▸ WORK INSTRUCTIONS
Reproduce, exactly, the lines of the material below from the line containing "#25=VECTOR('',#24,1.);" through the line containing "#40=VERTEX_POINT('',#39);", with both end lines included and nothing else.

▸ DATA
━━━━
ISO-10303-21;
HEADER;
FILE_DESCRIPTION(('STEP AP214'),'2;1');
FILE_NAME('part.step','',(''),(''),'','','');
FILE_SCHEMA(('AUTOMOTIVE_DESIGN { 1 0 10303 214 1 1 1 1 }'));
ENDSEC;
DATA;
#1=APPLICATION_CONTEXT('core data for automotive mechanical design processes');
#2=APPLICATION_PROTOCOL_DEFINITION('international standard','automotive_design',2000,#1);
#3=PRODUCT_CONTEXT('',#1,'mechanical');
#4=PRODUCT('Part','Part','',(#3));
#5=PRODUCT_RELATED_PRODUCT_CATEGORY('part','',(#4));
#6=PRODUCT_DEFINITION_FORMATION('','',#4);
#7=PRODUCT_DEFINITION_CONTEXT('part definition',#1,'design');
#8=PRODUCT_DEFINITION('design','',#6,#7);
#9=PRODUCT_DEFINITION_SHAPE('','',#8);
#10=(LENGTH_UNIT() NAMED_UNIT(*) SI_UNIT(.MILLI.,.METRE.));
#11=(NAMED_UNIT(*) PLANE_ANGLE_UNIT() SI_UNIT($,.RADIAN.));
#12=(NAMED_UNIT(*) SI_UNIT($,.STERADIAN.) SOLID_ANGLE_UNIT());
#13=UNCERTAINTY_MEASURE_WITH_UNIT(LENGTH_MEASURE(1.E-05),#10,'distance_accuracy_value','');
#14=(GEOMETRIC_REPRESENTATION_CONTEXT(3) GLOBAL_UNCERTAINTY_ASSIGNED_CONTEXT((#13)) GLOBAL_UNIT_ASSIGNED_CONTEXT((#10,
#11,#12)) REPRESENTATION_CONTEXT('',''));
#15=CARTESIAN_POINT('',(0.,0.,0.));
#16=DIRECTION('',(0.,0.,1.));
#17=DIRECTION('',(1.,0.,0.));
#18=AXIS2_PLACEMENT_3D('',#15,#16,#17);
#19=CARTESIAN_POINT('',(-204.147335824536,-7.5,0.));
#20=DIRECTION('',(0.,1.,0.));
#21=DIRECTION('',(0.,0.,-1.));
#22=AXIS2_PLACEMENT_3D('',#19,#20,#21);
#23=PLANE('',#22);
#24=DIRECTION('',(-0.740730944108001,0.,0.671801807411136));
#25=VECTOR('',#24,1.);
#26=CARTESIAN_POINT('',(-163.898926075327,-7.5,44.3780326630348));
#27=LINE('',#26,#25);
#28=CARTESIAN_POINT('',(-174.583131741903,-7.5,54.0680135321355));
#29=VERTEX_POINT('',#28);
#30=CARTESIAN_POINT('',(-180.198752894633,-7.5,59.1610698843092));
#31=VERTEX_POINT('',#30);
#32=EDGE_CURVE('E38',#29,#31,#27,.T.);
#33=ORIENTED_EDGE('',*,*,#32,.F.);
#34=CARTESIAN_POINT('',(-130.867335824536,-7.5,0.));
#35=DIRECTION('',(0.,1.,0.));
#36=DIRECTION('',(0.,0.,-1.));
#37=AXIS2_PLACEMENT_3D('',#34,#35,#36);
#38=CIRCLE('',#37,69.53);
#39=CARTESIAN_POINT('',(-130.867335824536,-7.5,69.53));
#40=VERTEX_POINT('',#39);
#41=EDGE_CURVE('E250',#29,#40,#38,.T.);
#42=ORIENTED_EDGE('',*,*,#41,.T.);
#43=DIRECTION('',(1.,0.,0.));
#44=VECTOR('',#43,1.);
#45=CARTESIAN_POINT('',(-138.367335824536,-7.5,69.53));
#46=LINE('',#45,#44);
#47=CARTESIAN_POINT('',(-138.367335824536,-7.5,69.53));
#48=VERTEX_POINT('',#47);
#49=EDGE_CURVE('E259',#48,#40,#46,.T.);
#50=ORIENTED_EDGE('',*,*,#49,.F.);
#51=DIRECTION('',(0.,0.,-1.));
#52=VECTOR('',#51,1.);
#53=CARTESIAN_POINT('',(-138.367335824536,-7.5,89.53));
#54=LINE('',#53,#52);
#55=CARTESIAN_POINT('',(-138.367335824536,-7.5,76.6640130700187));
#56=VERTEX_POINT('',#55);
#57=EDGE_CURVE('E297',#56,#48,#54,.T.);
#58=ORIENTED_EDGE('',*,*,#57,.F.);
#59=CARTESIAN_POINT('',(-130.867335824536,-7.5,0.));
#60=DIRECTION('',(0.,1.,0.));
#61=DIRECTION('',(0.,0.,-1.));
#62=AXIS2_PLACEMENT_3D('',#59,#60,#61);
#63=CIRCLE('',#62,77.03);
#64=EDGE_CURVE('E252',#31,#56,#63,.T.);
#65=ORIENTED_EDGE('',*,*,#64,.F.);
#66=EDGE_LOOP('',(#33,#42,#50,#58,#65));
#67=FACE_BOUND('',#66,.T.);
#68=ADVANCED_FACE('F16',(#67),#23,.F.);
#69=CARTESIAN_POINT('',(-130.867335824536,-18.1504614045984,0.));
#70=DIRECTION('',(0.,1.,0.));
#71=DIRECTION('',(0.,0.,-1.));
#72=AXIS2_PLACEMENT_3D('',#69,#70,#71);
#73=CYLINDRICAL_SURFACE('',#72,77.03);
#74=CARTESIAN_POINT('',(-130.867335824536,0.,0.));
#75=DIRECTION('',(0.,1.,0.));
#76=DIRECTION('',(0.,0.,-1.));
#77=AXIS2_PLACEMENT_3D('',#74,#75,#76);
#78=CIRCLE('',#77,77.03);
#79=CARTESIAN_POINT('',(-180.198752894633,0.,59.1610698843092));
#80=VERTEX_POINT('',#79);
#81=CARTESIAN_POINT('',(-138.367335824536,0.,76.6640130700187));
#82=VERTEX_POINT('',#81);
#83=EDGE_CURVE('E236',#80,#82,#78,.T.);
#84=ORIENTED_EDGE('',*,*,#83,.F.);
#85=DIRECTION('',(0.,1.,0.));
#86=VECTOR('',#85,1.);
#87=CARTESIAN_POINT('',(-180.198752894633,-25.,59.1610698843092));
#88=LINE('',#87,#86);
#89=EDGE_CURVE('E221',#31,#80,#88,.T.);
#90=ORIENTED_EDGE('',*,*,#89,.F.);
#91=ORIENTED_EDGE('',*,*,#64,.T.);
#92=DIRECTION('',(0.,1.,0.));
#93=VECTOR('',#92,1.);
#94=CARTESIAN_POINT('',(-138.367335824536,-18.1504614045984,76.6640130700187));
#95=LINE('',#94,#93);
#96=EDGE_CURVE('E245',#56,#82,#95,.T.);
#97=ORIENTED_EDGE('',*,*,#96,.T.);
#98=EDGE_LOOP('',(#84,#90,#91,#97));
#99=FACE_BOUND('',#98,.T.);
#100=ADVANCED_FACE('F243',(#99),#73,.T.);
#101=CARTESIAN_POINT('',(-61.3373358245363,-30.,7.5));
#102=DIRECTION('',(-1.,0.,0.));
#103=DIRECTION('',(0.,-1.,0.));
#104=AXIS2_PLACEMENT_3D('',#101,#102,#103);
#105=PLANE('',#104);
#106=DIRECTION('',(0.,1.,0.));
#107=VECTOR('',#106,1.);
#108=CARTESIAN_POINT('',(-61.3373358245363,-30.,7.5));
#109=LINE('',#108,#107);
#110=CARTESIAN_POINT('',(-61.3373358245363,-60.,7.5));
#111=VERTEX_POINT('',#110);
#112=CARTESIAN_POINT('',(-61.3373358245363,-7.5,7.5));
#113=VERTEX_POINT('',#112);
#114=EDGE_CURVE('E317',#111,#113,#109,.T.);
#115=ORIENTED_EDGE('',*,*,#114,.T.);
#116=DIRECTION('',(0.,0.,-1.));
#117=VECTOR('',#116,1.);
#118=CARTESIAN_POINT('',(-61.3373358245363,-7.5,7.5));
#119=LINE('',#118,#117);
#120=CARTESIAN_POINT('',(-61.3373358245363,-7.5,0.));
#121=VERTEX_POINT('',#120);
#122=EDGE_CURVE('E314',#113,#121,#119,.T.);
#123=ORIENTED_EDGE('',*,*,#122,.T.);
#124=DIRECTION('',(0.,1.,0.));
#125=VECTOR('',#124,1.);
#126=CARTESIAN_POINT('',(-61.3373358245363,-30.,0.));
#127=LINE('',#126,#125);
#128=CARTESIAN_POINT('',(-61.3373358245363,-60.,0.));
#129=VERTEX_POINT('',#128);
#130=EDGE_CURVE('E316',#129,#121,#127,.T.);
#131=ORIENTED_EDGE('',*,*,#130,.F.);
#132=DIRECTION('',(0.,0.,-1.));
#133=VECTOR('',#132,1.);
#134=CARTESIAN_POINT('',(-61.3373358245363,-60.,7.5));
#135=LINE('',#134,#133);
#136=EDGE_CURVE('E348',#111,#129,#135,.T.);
━━━━
▸ YOUR RESPONSE
#25=VECTOR('',#24,1.);
#26=CARTESIAN_POINT('',(-163.898926075327,-7.5,44.3780326630348));
#27=LINE('',#26,#25);
#28=CARTESIAN_POINT('',(-174.583131741903,-7.5,54.0680135321355));
#29=VERTEX_POINT('',#28);
#30=CARTESIAN_POINT('',(-180.198752894633,-7.5,59.1610698843092));
#31=VERTEX_POINT('',#30);
#32=EDGE_CURVE('E38',#29,#31,#27,.T.);
#33=ORIENTED_EDGE('',*,*,#32,.F.);
#34=CARTESIAN_POINT('',(-130.867335824536,-7.5,0.));
#35=DIRECTION('',(0.,1.,0.));
#36=DIRECTION('',(0.,0.,-1.));
#37=AXIS2_PLACEMENT_3D('',#34,#35,#36);
#38=CIRCLE('',#37,69.53);
#39=CARTESIAN_POINT('',(-130.867335824536,-7.5,69.53));
#40=VERTEX_POINT('',#39);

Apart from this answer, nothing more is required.